Assignment: Every record that follows is to be copied exactly, with the pictures omitted.

━━━━

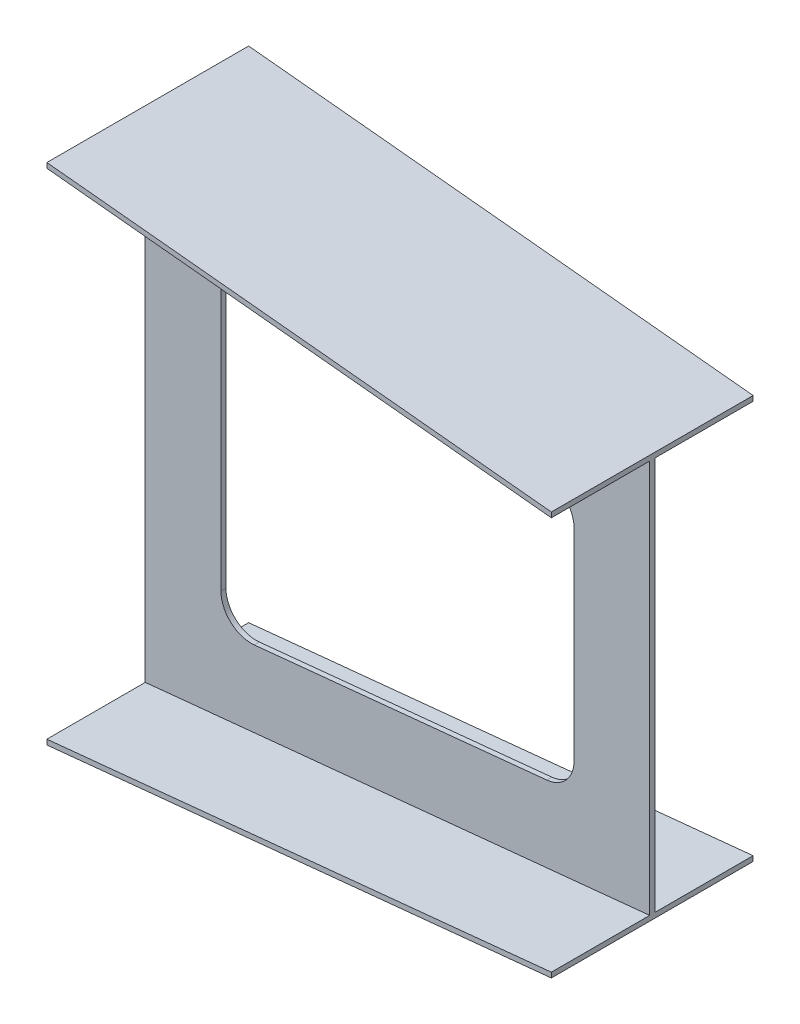
from build123d import *

# Parameters (mm, degrees)
CUT_EXTRUDE1_DEPTH = 10


with BuildPart() as part:
    # Sketch1 → Loft4 section 0
    with BuildSketch(Plane(origin=(0, 0, 0), x_dir=(0, 0, -1), z_dir=(1, 0, 0))):
        Polygon((-205, 500), (195, 500), (195, 490), (0, 490), (0, -490), (195, -490), (195, -500), (-205, -500), (-205, -490), (-10, -490), (-10, 490), (-205, 490), align=None)
    # Sketch4 → Loft4 section 1
    with BuildSketch(Plane(origin=(1000, 0, -1000), x_dir=(0, 0, 1), z_dir=(-1, 0, 0))):
        Polygon((805, 400), (1205, 400), (1205, 390), (1010, 390), (1010, -390), (1205, -390), (1205, -400), (805, -400), (805, -390), (1000, -390), (1000, 390), (805, 390), align=None)
    loft()

    # Sketch6 → Cut-Extrude1 (cut)
    with BuildSketch(Plane.XY.offset(10)):
        with BuildLine():
            Line((215.970223141, -317.654843369), (795.970223141, -259.654843369))
            ThreePointArc((795.970223141, -259.654843369), (834.487152013, -240.212931202), (850, -199.952611956))
            Line((850, -199.952611956), (850, 199.952611956))
            ThreePointArc((850, 199.952611956), (834.487152013, 240.212931202), (795.970223141, 259.654843369))
            Line((795.970223141, 259.654843369), (215.970223141, 317.654843369))
            ThreePointArc((215.970223141, 317.654843369), (169.739680754, 302.43976397), (150, 257.952611956))
            Line((150, 257.952611956), (150, -257.952611956))
            ThreePointArc((150, -257.952611956), (169.739680754, -302.43976397), (215.970223141, -317.654843369))
        make_face()
    extrude(amount=-CUT_EXTRUDE1_DEPTH, mode=Mode.SUBTRACT)


solid = part.part

━━━━

Output of the task:
from build123d import *

# Parameters (mm, degrees)
CUT_EXTRUDE1_DEPTH = 10


with BuildPart() as part:
    # Sketch1 → Loft4 section 0
    with BuildSketch(Plane(origin=(0, 0, 0), x_dir=(0, 0, -1), z_dir=(1, 0, 0))):
        Polygon((-205, 500), (195, 500), (195, 490), (0, 490), (0, -490), (195, -490), (195, -500), (-205, -500), (-205, -490), (-10, -490), (-10, 490), (-205, 490), align=None)
    # Sketch4 → Loft4 section 1
    with BuildSketch(Plane(origin=(1000, 0, -1000), x_dir=(0, 0, 1), z_dir=(-1, 0, 0))):
        Polygon((805, 400), (1205, 400), (1205, 390), (1010, 390), (1010, -390), (1205, -390), (1205, -400), (805, -400), (805, -390), (1000, -390), (1000, 390), (805, 390), align=None)
    loft()

    # Sketch6 → Cut-Extrude1 (cut)
    with BuildSketch(Plane.XY.offset(10)):
        with BuildLine():
            Line((215.970223141, -317.654843369), (795.970223141, -259.654843369))
            ThreePointArc((795.970223141, -259.654843369), (834.487152013, -240.212931202), (850, -199.952611956))
            Line((850, -199.952611956), (850, 199.952611956))
            ThreePointArc((850, 199.952611956), (834.487152013, 240.212931202), (795.970223141, 259.654843369))
            Line((795.970223141, 259.654843369), (215.970223141, 317.654843369))
            ThreePointArc((215.970223141, 317.654843369), (169.739680754, 302.43976397), (150, 257.952611956))
            Line((150, 257.952611956), (150, -257.952611956))
            ThreePointArc((150, -257.952611956), (169.739680754, -302.43976397), (215.970223141, -317.654843369))
        make_face()
    extrude(amount=-CUT_EXTRUDE1_DEPTH, mode=Mode.SUBTRACT)


solid = part.part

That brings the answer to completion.